### Work to complete
When a line in the entries contains the word "blocks", copy that line in full.

### Stored data
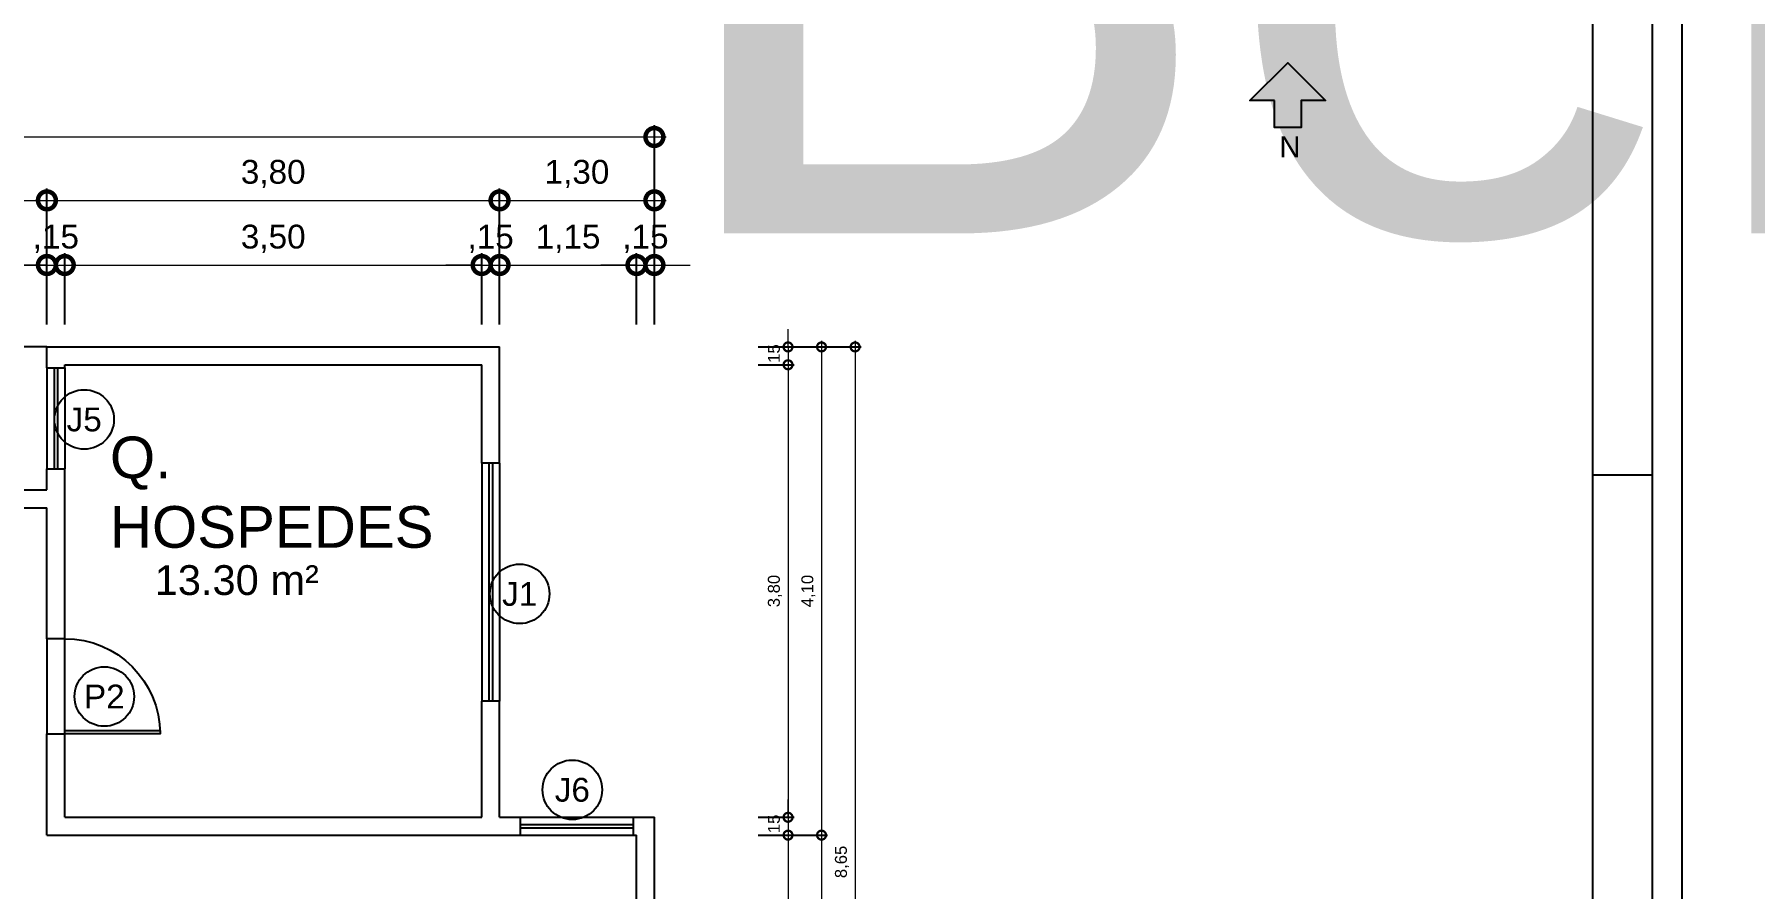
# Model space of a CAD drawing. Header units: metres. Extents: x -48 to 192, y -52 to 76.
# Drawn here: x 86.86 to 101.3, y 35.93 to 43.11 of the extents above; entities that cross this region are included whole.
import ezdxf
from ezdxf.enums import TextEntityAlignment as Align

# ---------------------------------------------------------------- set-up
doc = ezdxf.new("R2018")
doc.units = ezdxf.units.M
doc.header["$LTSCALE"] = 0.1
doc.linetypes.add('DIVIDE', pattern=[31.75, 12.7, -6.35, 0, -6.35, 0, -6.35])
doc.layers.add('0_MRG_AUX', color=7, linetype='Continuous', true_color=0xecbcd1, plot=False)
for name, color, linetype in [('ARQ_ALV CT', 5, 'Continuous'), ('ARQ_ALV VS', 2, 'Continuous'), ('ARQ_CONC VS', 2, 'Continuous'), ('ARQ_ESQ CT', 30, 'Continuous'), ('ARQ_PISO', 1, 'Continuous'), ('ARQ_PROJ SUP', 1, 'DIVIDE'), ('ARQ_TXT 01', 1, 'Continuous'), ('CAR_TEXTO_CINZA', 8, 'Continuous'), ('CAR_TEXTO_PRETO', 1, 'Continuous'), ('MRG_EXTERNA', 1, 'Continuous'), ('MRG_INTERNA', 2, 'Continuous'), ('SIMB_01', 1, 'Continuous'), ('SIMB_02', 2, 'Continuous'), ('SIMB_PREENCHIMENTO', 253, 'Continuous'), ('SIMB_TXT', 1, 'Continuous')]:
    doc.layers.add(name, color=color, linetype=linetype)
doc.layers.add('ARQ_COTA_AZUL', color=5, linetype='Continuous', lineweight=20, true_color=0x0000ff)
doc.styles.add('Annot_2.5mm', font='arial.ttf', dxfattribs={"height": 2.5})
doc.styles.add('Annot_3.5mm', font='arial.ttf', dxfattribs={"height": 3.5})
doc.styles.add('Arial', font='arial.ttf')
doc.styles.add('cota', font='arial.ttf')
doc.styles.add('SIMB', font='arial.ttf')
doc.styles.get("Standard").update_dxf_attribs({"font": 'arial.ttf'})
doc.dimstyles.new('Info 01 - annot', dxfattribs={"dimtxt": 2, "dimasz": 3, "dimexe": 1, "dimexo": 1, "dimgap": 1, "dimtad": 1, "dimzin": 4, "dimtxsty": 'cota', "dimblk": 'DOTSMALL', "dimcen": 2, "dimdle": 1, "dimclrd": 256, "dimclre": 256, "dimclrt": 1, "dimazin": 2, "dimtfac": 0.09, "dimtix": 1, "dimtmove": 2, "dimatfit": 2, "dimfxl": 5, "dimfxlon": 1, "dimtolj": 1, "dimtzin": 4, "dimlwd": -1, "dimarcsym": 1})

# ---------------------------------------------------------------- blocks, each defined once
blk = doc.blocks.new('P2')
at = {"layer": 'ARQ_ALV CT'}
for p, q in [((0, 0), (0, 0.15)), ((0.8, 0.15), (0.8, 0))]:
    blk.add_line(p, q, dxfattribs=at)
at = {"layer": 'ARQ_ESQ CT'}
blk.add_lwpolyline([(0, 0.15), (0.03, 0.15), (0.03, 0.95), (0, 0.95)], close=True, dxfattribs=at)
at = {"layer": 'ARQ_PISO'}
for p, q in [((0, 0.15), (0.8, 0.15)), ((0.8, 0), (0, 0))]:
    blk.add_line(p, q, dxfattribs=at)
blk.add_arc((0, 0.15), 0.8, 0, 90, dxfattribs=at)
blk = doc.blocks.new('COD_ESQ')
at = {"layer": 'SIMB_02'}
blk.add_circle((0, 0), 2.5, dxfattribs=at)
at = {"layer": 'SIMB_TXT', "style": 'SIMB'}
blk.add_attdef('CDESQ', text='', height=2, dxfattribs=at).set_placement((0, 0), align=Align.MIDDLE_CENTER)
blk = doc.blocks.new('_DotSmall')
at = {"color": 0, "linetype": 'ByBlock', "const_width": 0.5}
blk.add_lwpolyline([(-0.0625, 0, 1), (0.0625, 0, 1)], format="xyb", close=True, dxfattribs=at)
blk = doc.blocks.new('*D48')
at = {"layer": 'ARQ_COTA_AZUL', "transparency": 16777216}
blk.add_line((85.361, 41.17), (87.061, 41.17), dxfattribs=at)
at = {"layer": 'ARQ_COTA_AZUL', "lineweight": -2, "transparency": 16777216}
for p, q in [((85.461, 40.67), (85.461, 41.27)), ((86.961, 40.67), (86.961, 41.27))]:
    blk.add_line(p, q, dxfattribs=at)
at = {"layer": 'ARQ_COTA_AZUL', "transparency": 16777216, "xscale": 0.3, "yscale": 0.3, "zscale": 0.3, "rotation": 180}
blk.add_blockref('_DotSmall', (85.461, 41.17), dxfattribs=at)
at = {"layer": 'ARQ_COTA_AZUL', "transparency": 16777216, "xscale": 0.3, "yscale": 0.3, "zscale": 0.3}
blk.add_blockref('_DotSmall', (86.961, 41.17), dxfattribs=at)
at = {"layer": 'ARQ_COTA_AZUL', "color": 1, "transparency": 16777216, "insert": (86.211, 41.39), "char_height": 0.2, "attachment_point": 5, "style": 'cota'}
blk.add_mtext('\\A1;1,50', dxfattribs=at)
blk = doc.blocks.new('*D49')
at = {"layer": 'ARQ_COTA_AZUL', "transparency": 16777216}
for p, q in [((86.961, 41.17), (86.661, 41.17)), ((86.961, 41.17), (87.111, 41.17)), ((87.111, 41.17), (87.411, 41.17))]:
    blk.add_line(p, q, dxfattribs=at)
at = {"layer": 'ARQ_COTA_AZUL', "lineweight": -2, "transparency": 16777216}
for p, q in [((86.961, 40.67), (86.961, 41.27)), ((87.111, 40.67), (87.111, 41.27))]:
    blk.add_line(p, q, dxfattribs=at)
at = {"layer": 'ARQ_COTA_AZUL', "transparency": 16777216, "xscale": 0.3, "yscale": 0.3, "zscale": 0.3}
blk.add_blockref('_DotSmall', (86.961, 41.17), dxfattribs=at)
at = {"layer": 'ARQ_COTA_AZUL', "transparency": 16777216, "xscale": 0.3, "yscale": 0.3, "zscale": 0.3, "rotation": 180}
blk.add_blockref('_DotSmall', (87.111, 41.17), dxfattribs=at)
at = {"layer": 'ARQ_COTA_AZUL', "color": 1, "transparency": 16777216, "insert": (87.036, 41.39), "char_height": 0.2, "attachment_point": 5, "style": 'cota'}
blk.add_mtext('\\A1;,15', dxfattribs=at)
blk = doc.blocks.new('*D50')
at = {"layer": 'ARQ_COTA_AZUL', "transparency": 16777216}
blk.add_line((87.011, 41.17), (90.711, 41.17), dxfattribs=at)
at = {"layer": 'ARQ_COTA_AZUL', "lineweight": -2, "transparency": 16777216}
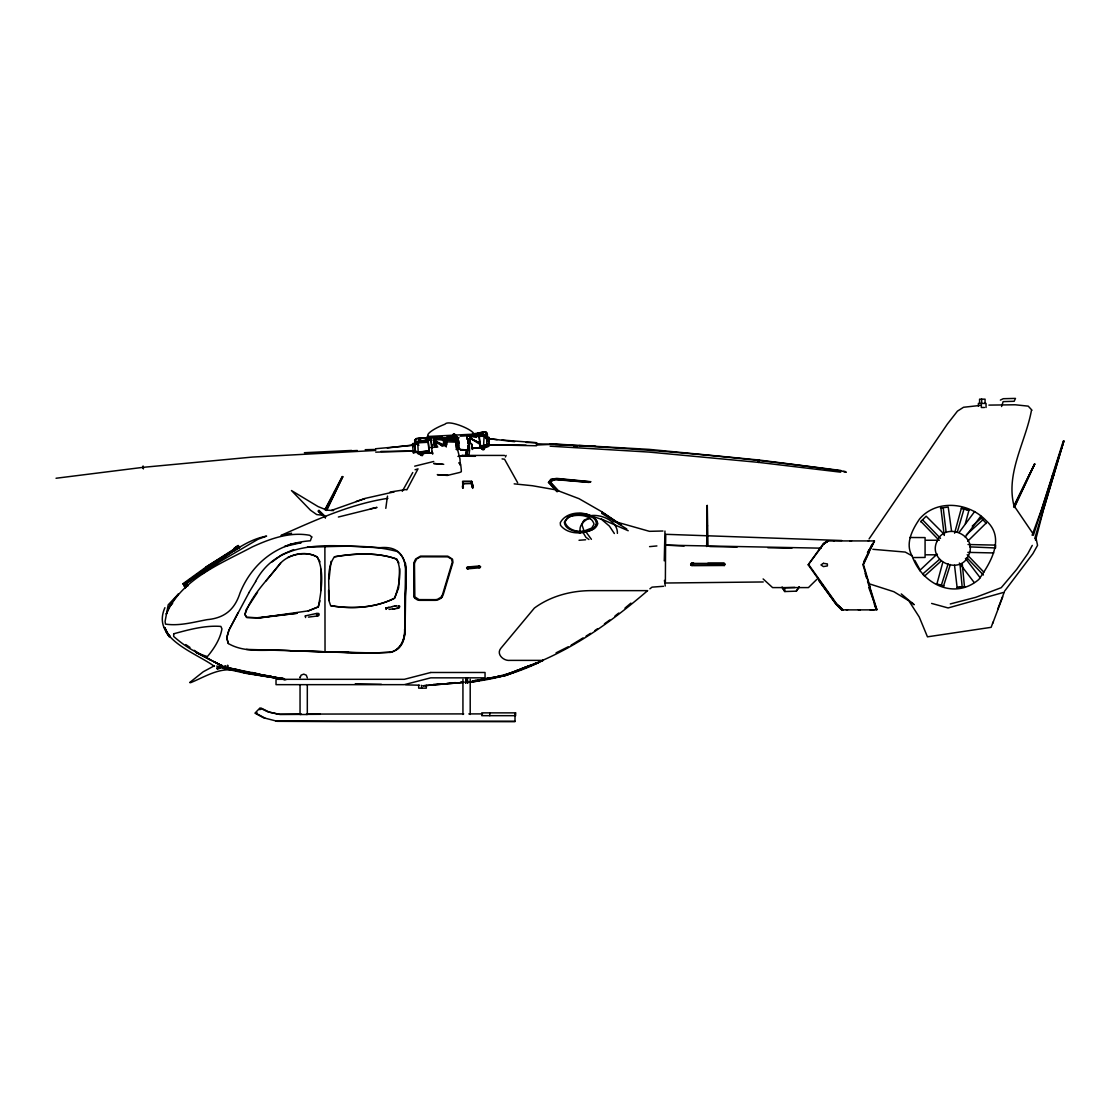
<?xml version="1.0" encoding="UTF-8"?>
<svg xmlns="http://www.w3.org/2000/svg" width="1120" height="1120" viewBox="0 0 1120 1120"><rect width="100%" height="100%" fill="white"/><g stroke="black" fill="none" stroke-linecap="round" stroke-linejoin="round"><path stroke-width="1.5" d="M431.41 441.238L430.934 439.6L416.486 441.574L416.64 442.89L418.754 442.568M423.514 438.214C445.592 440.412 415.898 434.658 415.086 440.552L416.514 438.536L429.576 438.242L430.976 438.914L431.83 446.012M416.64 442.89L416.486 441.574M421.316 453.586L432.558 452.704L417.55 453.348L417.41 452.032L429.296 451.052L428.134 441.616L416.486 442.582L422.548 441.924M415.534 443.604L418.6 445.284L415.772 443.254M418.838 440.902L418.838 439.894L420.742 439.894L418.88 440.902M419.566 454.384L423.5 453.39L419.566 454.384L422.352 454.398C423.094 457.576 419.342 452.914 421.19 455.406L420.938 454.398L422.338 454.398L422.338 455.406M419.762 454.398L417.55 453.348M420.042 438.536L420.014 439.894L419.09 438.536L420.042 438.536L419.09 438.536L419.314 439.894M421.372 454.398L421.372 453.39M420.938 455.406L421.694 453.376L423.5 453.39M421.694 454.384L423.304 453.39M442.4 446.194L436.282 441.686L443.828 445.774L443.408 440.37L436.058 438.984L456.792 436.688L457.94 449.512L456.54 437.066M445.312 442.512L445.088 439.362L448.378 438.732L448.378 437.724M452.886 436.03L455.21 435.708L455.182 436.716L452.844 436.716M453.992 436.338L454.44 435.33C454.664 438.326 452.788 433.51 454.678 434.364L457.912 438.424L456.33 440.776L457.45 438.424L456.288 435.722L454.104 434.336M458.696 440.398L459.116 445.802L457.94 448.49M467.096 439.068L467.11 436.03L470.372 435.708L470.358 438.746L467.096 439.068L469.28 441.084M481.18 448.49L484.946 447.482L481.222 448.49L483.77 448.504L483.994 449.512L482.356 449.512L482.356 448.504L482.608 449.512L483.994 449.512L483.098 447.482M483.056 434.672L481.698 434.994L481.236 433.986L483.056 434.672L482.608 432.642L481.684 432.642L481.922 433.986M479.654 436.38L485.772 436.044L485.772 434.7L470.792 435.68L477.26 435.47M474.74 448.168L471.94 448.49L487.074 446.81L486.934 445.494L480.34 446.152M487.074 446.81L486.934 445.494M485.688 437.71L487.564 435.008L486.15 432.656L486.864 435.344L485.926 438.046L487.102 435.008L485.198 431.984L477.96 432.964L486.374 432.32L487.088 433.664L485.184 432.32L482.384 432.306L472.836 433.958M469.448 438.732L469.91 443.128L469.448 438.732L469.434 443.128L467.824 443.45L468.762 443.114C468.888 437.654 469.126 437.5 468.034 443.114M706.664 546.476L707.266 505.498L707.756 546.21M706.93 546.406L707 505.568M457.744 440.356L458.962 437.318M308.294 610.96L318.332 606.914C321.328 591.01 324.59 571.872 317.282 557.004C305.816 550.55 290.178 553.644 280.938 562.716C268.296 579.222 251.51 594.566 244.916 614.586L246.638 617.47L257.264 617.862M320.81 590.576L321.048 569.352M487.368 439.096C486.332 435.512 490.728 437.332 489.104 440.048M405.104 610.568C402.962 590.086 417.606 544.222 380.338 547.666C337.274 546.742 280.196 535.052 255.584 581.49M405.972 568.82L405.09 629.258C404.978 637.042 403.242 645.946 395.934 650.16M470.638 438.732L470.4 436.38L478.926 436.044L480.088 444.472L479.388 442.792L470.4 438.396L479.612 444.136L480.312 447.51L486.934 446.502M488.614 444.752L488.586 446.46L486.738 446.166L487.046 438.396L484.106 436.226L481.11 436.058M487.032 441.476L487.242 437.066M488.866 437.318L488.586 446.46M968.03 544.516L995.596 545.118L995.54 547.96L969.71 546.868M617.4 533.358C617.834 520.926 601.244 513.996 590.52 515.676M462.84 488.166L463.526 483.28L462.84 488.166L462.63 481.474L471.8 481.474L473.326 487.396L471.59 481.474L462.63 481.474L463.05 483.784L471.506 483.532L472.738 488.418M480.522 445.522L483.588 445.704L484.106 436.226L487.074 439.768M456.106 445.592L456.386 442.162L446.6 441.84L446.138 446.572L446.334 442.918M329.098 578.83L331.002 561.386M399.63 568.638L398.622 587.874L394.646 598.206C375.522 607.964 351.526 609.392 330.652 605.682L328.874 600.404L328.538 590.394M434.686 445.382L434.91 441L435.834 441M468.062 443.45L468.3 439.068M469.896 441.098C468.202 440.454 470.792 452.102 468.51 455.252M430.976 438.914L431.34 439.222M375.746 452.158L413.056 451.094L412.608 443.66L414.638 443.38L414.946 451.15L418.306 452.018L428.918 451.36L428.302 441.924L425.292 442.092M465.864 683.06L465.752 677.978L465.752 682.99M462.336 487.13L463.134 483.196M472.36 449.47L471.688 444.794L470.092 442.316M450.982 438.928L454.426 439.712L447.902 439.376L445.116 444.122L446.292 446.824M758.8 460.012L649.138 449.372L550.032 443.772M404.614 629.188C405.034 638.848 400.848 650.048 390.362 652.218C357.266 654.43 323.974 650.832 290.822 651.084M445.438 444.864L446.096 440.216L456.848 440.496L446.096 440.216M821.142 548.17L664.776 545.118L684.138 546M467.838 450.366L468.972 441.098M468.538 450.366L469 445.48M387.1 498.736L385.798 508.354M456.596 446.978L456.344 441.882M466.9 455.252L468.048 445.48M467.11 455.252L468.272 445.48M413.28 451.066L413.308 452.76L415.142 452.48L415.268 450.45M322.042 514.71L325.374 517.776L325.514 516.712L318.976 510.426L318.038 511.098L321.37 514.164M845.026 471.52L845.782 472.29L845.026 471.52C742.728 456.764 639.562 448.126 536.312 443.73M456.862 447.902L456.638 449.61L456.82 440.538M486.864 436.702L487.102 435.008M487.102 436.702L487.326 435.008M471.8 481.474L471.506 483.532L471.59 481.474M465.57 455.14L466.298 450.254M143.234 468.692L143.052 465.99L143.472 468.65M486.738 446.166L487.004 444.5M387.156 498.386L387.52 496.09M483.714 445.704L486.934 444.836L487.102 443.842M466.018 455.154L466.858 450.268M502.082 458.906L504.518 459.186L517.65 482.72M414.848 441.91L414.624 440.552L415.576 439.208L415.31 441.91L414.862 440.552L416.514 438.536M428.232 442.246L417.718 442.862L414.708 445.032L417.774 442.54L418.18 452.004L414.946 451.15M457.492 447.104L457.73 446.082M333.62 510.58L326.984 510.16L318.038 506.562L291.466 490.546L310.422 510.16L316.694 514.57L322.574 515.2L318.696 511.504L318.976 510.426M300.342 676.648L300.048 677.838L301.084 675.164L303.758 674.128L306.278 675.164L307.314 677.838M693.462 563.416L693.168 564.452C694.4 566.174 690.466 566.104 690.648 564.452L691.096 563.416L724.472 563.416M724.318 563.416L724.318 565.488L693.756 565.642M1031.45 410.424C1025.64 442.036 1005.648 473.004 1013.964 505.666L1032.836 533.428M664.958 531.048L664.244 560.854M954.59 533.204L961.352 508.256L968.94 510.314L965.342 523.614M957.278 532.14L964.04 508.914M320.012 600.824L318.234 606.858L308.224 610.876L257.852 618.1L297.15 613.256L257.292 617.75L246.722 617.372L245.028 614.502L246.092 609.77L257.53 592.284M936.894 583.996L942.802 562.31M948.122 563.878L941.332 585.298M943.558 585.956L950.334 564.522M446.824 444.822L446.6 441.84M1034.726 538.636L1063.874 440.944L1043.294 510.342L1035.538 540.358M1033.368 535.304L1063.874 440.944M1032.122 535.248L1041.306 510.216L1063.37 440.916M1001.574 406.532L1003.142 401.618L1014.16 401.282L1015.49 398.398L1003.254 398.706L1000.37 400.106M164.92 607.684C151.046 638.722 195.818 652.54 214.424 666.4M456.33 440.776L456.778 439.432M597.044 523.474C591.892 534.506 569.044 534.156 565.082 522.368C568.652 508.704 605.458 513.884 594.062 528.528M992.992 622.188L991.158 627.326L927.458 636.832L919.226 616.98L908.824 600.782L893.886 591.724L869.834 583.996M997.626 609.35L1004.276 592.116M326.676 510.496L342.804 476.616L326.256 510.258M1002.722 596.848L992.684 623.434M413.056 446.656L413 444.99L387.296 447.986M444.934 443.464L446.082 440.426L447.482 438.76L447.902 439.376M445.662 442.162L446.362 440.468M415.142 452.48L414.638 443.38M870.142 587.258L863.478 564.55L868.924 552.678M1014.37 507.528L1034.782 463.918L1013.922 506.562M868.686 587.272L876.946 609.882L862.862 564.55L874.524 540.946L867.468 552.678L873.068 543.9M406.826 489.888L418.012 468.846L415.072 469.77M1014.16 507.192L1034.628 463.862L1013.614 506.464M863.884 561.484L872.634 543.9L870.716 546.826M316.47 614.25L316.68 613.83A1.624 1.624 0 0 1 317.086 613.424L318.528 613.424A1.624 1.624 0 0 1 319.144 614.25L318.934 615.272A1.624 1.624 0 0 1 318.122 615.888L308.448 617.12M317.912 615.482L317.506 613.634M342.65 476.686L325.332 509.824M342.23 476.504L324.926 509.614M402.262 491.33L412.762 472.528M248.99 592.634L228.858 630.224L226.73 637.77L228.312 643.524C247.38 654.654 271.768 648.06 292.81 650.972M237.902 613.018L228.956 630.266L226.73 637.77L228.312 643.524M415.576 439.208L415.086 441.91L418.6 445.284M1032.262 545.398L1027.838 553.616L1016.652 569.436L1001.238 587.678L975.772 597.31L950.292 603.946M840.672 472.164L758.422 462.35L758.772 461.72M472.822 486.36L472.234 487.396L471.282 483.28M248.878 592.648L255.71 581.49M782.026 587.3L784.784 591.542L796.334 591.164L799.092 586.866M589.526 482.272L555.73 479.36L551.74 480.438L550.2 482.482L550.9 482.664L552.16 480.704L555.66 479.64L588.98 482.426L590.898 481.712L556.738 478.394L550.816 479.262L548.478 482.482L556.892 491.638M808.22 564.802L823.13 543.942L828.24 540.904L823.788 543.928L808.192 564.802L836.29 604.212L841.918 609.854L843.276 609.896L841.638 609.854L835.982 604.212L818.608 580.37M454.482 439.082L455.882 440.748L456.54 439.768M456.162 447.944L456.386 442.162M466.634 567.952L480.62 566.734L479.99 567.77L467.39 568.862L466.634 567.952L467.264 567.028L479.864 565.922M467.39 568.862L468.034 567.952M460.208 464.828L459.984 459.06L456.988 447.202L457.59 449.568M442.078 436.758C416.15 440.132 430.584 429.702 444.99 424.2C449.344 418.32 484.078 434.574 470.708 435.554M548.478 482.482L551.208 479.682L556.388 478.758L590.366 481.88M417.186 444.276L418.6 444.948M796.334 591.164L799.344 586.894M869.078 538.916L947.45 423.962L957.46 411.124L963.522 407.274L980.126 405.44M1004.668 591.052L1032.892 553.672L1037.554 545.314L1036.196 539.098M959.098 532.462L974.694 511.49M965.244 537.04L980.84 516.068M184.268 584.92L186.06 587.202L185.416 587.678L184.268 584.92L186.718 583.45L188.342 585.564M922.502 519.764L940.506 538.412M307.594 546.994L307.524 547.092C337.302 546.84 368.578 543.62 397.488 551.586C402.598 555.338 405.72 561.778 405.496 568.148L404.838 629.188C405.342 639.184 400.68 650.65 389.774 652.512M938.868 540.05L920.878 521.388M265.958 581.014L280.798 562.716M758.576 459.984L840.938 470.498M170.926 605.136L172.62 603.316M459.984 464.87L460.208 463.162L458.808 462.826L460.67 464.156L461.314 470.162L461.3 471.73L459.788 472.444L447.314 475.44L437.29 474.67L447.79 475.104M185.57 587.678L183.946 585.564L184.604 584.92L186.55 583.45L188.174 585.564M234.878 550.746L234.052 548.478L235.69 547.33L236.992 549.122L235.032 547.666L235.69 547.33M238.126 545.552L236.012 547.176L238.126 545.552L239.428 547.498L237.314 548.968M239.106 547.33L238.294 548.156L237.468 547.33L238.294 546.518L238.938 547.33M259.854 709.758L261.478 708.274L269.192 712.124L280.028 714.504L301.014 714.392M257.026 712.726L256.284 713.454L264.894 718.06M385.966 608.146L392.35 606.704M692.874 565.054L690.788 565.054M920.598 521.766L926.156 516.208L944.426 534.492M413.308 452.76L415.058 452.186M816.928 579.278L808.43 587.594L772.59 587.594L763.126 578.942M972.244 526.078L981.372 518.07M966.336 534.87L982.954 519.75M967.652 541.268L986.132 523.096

### Response
# ---------------------------------------------------------------- blocks, each defined once
blk = doc.blocks.new('P2')
blk = doc.blocks.new('COD_ESQ')
blk = doc.blocks.new('_DotSmall')
blk = doc.blocks.new('*D48')
blk = doc.blocks.new('*D49')
blk = doc.blocks.new('*D50')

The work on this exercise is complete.